:: EXERCISE INPUT ::
————

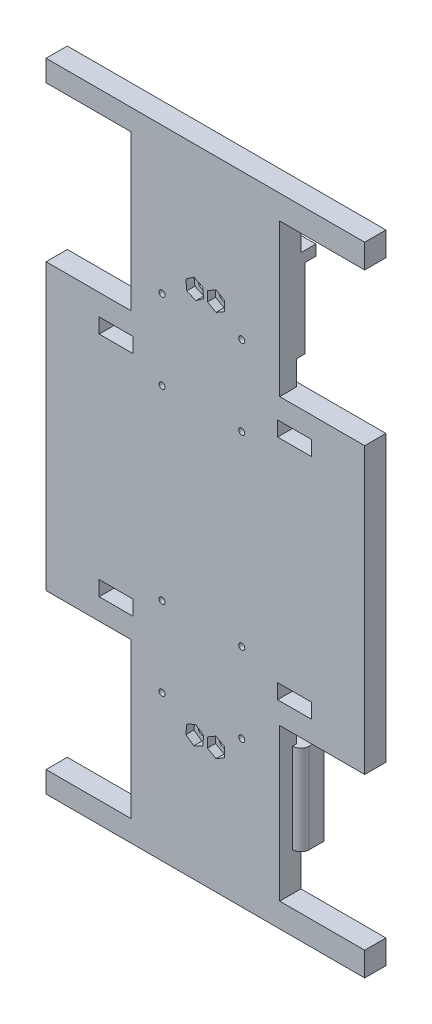
from build123d import *

# Parameters (mm, degrees)
BOSS_EXTRUDE1_DEPTH       = 10
BOSS_EXTRUDE3_DEPTH       = 7
SKETCH4_W                 = 18.8
SKETCH4_H                 = 48.722574615
SKETCH4_H_2               = 48.326634129
BOSS_EXTRUDE4_DEPTH       = 2
CUT_EXTRUDE2_DEPTH        = 9
SKETCH7_R                 = 2.165
CUT_EXTRUDE3_DEPTH        = 336.559234711
CUT_EXTRUDE4_DEPTH        = 3.8
BOSS_EXTRUDE5_DEPTH       = 42.245940515
SKETCH10_W                = 40
SKETCH10_H                = 8.663840555
SKETCH10_H_2              = 10
CUT_EXTRUDE5_DEPTH        = 336.559234711
SKETCH11_W                = 40
SKETCH11_H                = 17.043549312
BOSS_EXTRUDE6_DEPTH       = 10
CUT_EXTRUDE6_REACH        = 337.841
SKETCH12_W                = 16
SKETCH12_H                = 7
F_1_5MM_DOWEL_HOLE1_D     = 2.85
F_1_5MM_DOWEL_HOLE1_DEPTH = 12


with BuildPart() as part:
    # Sketch2 → Boss-Extrude1 (new body)
    with BuildSketch(Plane.XY):
        Polygon((0, 0), (-150, 0), (-150, 20), (-110, 20), (-110, 100), (-150, 100), (-150, 200), (-110, 200), (-110, 280), (-150, 280), (-150, 300), (0, 300), (0, 280), (-40, 280), (-40, 200), (0, 200), (0, 100), (-40, 100), (-40, 20), (0, 20), align=None)
    extrude(amount=BOSS_EXTRUDE1_DEPTH)

    # Sketch3 → Boss-Extrude3 (add)
    with BuildSketch(Plane(origin=(0, 0, 0), x_dir=(-1, 0, 0), z_dir=(0, 0, -1))):
        Polygon((40, 34.233876073), (58.8, 34.233876073), (58.8, 82.956450688), (63.8, 82.956450688), (63.8, 29.233876073), (40, 29.233876073), align=None)
        Polygon((110, 34.629816559), (91.2, 34.629816559), (91.2, 82.956450688), (86.2, 82.956450688), (86.2, 29.233876073), (110, 29.233876073), align=None)
    boss_extrude3 = extrude(amount=BOSS_EXTRUDE3_DEPTH)

    # Sketch4 → Boss-Extrude4 (add)
    with BuildSketch(Plane(origin=(0, 0, 0), x_dir=(-1, 0, 0), z_dir=(0, 0, -1))):
        with Locations((49.4, 58.595163381)):
            Rectangle(SKETCH4_W, SKETCH4_H)
        with Locations((100.6, 58.793133624)):
            Rectangle(SKETCH4_W, SKETCH4_H_2)
    boss_extrude4 = extrude(amount=BOSS_EXTRUDE4_DEPTH)

    # Sketch6 → Cut-Extrude2 (cut)
    with BuildSketch(Plane(origin=(0, 0, -7), x_dir=(-1, 0, 0), z_dir=(0, 0, -1))):
        Polygon((40, 82.956450688), (55.172474276, 82.956450688), (63.8, 82.956450688), (63.8, 71.479816588), (58.8, 71.479816588), (40, 71.479816588), align=None)
        Polygon((91.2, 82.956450688), (110, 82.956450688), (110, 71.479816588), (95.490694749, 71.479816588), (86.2, 71.479816588), (86.2, 82.956450688), align=None)
    cut_extrude2 = extrude(amount=-CUT_EXTRUDE2_DEPTH, mode=Mode.SUBTRACT)

    # Sketch7 → Cut-Extrude3 (cut, through all)
    with BuildSketch(Plane(origin=(0, 0, 0), x_dir=(-1, 0, 0), z_dir=(0, 0, -1))):
        with Locations((70, 59.0298166)):
            Circle(SKETCH7_R)
        with Locations((80, 59.0298166)):
            Circle(SKETCH7_R)
    cut_extrude3 = extrude(amount=-CUT_EXTRUDE3_DEPTH, mode=Mode.SUBTRACT)

    # Sketch8 → Cut-Extrude4 (cut)
    with BuildSketch(Plane.XY.offset(10)):
        Polygon((-83.740057918, 61.707869394), (-84.189290711, 57.129857828), (-80.449232793, 54.451805034), (-76.259942082, 56.351763806), (-75.810709289, 60.929775372), (-79.550767207, 63.607828166), align=None)
        Polygon((-70, 63.6298166), (-73.983716857, 61.3298166), (-73.983716857, 56.7298166), (-70, 54.4298166), (-66.016283143, 56.7298166), (-66.016283143, 61.3298166), align=None)
    cut_extrude4 = extrude(amount=-CUT_EXTRUDE4_DEPTH, mode=Mode.SUBTRACT)

    # Sketch9 → Boss-Extrude5 (add)
    with BuildSketch(Plane.XZ.offset(-29.233876073)):
        with BuildLine():
            Line((-110, -7), (-113.9, -7))
            Line((-113.9, -7), (-113.9, 0))
            ThreePointArc((-113.9, 0), (-112.757716447, 2.757716447), (-110, 3.9))
            Line((-110, 3.9), (-110, 0))
            Line((-110, 0), (-110, -7))
        make_face()
        with BuildLine():
            Line((-40, -7), (-36.1, -7))
            Line((-36.1, -7), (-36.1, 0))
            ThreePointArc((-36.1, 0), (-37.242283553, 2.757716447), (-40, 3.9))
            Line((-40, 3.9), (-40, 0))
            Line((-40, 0), (-40, -7))
        make_face()
    extrude(amount=-BOSS_EXTRUDE5_DEPTH)

    # Mirror2: Boss-Extrude3, Boss-Extrude4, Cut-Extrude2 across plane
    add(boss_extrude3.mirror(Plane.ZX.offset(150)))
    add(boss_extrude4.mirror(Plane.ZX.offset(150)))
    add(cut_extrude2.mirror(Plane.ZX.offset(150)), mode=Mode.SUBTRACT)

    # Mirror3: Cut-Extrude3 across plane
    add(cut_extrude3.mirror(Plane.ZX.offset(150)), mode=Mode.SUBTRACT)

    # Mirror4: Cut-Extrude4 across plane
    add(cut_extrude4.mirror(Plane.ZX.offset(150)), mode=Mode.SUBTRACT)

    # Sketch10 → Cut-Extrude5 (cut, through all)
    with BuildSketch(Plane(origin=(0, 0, 0), x_dir=(-1, 0, 0), z_dir=(0, 0, -1))):
        with Locations((20, 284.331920277)):
            Rectangle(SKETCH10_W, SKETCH10_H)
        with Locations((130, 285)):
            Rectangle(SKETCH10_W, SKETCH10_H_2)
    cut_extrude5 = extrude(amount=-CUT_EXTRUDE5_DEPTH, mode=Mode.SUBTRACT)

    # Mirror5: Cut-Extrude5 across plane
    add(cut_extrude5.mirror(Plane.ZX.offset(150)), mode=Mode.SUBTRACT)

    # Sketch11 → Boss-Extrude6 (add, through all)
    with BuildSketch(Plane(origin=(0, 0, 0), x_dir=(-1, 0, 0), z_dir=(0, 0, -1))):
        with Locations((20, 208.521774656)):
            Rectangle(SKETCH11_W, SKETCH11_H)
        with Locations((130, 208.521774656)):
            Rectangle(SKETCH11_W, SKETCH11_H)
    boss_extrude6 = extrude(amount=-BOSS_EXTRUDE6_DEPTH)

    # Mirror6: Boss-Extrude6 across plane
    add(boss_extrude6.mirror(Plane.ZX.offset(150)))

    # Sketch12 → Cut-Extrude6 (cut, up to next)
    with BuildSketch(Plane.XY.offset(10), mode=Mode.PRIVATE) as cut_extrude6_sk1:
        with Locations((-117, 203.543549312)):
            Rectangle(SKETCH12_W, SKETCH12_H)
    cut_extrude6_tool1 = extrude(cut_extrude6_sk1.sketch, amount=-CUT_EXTRUDE6_REACH, mode=Mode.PRIVATE) & part.part
    # Sketch12 → Cut-Extrude6 (cut, up to next)
    with BuildSketch(Plane.XY.offset(10), mode=Mode.PRIVATE) as cut_extrude6_sk2:
        with Locations((-33, 203.543549312)):
            Rectangle(SKETCH12_W, SKETCH12_H)
    cut_extrude6_tool2 = extrude(cut_extrude6_sk2.sketch, amount=-CUT_EXTRUDE6_REACH, mode=Mode.PRIVATE) & part.part
    # Sketch12 → Cut-Extrude6 (cut, up to next)
    with BuildSketch(Plane.XY.offset(10), mode=Mode.PRIVATE) as cut_extrude6_sk3:
        with Locations((-117, 96.456450688)):
            Rectangle(SKETCH12_W, SKETCH12_H)
    cut_extrude6_tool3 = extrude(cut_extrude6_sk3.sketch, amount=-CUT_EXTRUDE6_REACH, mode=Mode.PRIVATE) & part.part
    # Sketch12 → Cut-Extrude6 (cut, up to next)
    with BuildSketch(Plane.XY.offset(10), mode=Mode.PRIVATE) as cut_extrude6_sk4:
        with Locations((-33, 96.456450688)):
            Rectangle(SKETCH12_W, SKETCH12_H)
    cut_extrude6_tool4 = extrude(cut_extrude6_sk4.sketch, amount=-CUT_EXTRUDE6_REACH, mode=Mode.PRIVATE) & part.part
    add(cut_extrude6_tool1.solids().sort_by_distance((-117, 203.543549, 10))[0], mode=Mode.SUBTRACT)
    add(cut_extrude6_tool2.solids().sort_by_distance((-33, 203.543549, 10))[0], mode=Mode.SUBTRACT)
    add(cut_extrude6_tool3.solids().sort_by_distance((-117, 96.456451, 10))[0], mode=Mode.SUBTRACT)
    add(cut_extrude6_tool4.solids().sort_by_distance((-33, 96.456451, 10))[0], mode=Mode.SUBTRACT)

    # Ø1.5mm Dowel Hole1
    with Locations(Plane.XY.offset(10)):
        with Locations((-57.884566311, 231.352487628), (-95.402442942, 231.352487628), (-95.402442942, 193.834610997), (-57.884566311, 193.834610997), (-95.402442942, 68.647512372), (-57.884566311, 106.165389003), (-57.884566311, 68.647512372), (-95.402442942, 106.165389003)):
            Hole(F_1_5MM_DOWEL_HOLE1_D / 2, depth=F_1_5MM_DOWEL_HOLE1_DEPTH)


solid = part.part

————

:: WHAT YOU WILL DO ::
All lines of the data that hold "through" need to be copied.

:: RESULT BELOW ::
    # Sketch7 → Cut-Extrude3 (cut, through all)
    # Sketch10 → Cut-Extrude5 (cut, through all)
    # Sketch11 → Boss-Extrude6 (add, through all)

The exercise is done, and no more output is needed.